[Start of Attachment]
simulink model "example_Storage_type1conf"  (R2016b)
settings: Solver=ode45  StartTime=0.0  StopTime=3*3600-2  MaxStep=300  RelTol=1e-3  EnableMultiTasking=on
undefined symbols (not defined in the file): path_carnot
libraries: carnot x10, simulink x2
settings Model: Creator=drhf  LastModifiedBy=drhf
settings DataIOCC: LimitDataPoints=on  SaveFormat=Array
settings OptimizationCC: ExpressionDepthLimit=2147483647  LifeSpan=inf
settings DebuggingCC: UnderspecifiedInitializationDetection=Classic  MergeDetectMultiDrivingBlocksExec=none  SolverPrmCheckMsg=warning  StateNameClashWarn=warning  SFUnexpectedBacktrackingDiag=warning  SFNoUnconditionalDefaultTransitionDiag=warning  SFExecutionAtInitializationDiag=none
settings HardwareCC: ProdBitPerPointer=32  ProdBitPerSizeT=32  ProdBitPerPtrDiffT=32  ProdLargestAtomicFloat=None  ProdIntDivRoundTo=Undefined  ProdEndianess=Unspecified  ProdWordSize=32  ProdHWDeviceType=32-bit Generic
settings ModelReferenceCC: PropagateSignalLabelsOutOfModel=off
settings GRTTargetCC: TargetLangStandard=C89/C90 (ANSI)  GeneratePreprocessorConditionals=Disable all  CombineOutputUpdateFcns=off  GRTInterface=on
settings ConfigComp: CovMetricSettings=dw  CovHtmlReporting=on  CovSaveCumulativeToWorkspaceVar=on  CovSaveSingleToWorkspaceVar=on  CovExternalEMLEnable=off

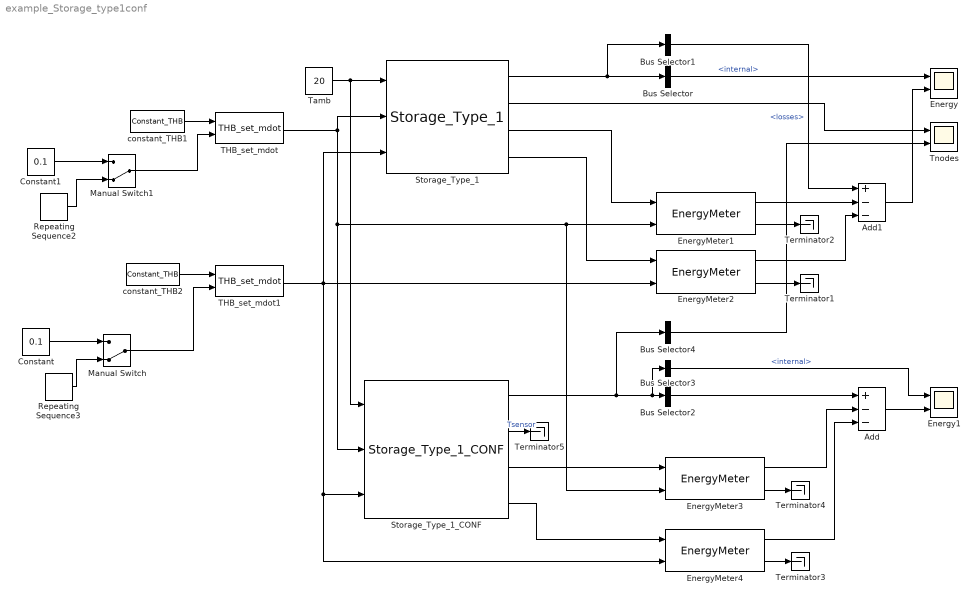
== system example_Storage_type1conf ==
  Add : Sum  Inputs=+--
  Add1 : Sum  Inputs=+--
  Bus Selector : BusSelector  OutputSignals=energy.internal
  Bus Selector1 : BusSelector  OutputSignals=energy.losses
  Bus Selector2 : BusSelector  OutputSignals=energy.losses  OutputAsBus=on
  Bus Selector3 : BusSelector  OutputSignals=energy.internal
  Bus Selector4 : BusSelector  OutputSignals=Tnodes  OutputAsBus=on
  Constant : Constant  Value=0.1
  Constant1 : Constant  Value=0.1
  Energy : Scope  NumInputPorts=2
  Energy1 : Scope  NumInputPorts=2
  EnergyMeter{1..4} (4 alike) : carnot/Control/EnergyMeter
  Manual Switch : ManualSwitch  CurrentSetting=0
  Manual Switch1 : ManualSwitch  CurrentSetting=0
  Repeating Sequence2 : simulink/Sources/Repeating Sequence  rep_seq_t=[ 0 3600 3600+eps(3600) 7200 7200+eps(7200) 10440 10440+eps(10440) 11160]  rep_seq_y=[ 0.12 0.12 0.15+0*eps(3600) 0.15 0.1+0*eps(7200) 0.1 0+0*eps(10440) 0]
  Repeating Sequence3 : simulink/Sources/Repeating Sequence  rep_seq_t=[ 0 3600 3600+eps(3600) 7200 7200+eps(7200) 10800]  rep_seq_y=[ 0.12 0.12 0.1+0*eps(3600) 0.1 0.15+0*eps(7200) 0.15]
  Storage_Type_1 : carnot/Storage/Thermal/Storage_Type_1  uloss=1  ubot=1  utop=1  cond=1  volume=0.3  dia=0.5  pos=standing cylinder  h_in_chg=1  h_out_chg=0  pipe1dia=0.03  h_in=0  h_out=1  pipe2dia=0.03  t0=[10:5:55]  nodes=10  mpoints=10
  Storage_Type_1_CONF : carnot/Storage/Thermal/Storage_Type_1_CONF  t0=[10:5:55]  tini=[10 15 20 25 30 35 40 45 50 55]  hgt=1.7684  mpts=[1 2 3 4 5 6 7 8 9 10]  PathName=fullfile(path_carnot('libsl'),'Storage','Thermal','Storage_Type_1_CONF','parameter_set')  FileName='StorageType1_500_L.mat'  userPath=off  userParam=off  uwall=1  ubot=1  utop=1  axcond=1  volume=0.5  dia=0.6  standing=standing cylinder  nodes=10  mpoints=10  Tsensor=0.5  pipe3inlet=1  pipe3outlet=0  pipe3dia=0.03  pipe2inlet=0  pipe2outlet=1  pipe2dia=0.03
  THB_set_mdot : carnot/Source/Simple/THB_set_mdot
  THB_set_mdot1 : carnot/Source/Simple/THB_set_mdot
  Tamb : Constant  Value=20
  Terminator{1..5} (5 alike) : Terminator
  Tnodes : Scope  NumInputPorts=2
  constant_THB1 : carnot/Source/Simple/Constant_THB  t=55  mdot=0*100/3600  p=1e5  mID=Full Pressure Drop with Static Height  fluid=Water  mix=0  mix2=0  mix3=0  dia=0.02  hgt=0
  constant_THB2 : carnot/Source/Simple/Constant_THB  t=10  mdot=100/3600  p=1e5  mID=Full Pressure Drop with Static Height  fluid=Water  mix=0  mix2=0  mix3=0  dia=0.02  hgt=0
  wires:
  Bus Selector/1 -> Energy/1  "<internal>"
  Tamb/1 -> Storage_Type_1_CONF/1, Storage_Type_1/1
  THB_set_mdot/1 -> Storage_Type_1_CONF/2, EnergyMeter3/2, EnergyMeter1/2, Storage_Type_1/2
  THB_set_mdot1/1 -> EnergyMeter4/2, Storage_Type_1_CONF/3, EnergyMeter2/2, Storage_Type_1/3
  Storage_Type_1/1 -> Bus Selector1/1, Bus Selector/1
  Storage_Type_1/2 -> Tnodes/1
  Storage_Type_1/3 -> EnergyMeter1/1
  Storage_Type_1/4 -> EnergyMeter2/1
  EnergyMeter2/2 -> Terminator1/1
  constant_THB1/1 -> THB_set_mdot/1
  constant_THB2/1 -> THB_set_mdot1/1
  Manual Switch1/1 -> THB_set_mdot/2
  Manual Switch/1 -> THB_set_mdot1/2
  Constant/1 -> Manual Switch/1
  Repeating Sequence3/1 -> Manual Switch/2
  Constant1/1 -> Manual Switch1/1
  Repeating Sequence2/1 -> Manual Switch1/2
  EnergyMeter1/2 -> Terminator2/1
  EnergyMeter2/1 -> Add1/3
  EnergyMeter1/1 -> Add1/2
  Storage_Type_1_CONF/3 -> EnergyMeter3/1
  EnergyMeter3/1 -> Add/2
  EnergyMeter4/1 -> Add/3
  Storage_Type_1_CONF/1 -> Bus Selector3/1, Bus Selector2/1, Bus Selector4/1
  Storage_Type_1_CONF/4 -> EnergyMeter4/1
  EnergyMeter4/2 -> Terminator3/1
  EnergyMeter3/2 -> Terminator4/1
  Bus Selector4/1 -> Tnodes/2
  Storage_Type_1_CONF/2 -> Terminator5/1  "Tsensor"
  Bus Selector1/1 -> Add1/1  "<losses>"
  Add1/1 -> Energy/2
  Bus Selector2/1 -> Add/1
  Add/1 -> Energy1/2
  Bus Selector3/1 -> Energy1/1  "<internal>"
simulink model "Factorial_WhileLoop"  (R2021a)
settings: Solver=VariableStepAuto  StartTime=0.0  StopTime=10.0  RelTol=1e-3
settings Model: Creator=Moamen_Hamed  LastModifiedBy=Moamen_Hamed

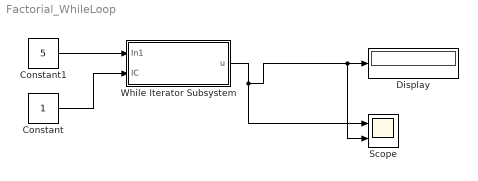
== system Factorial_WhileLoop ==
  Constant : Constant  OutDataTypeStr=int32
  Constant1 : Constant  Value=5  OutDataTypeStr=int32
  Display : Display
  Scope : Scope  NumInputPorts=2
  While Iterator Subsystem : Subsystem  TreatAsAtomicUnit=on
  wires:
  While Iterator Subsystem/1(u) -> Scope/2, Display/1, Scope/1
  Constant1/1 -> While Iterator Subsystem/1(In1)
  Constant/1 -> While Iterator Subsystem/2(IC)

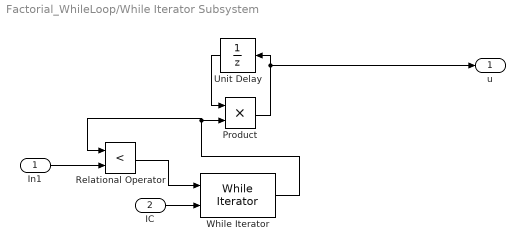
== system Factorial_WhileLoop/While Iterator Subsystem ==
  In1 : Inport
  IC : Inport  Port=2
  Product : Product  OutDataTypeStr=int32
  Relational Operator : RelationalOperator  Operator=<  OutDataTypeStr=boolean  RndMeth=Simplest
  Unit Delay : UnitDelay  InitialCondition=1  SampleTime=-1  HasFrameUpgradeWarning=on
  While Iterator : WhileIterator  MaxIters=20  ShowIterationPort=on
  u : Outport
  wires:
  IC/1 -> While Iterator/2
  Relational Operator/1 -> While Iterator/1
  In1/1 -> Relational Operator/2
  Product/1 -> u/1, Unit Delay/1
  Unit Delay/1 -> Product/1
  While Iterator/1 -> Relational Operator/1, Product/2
[End of Attachment]
• _PROBLEM DESCRIPTION_:
Please set down again, word for word, only the lines from the start of the entries through the line with "libraries: carnot x10, simulink x2", both ends included.

• _SOLUTION_:
simulink model "example_Storage_type1conf"  (R2016b)
settings: Solver=ode45  StartTime=0.0  StopTime=3*3600-2  MaxStep=300  RelTol=1e-3  EnableMultiTasking=on
undefined symbols (not defined in the file): path_carnot
libraries: carnot x10, simulink x2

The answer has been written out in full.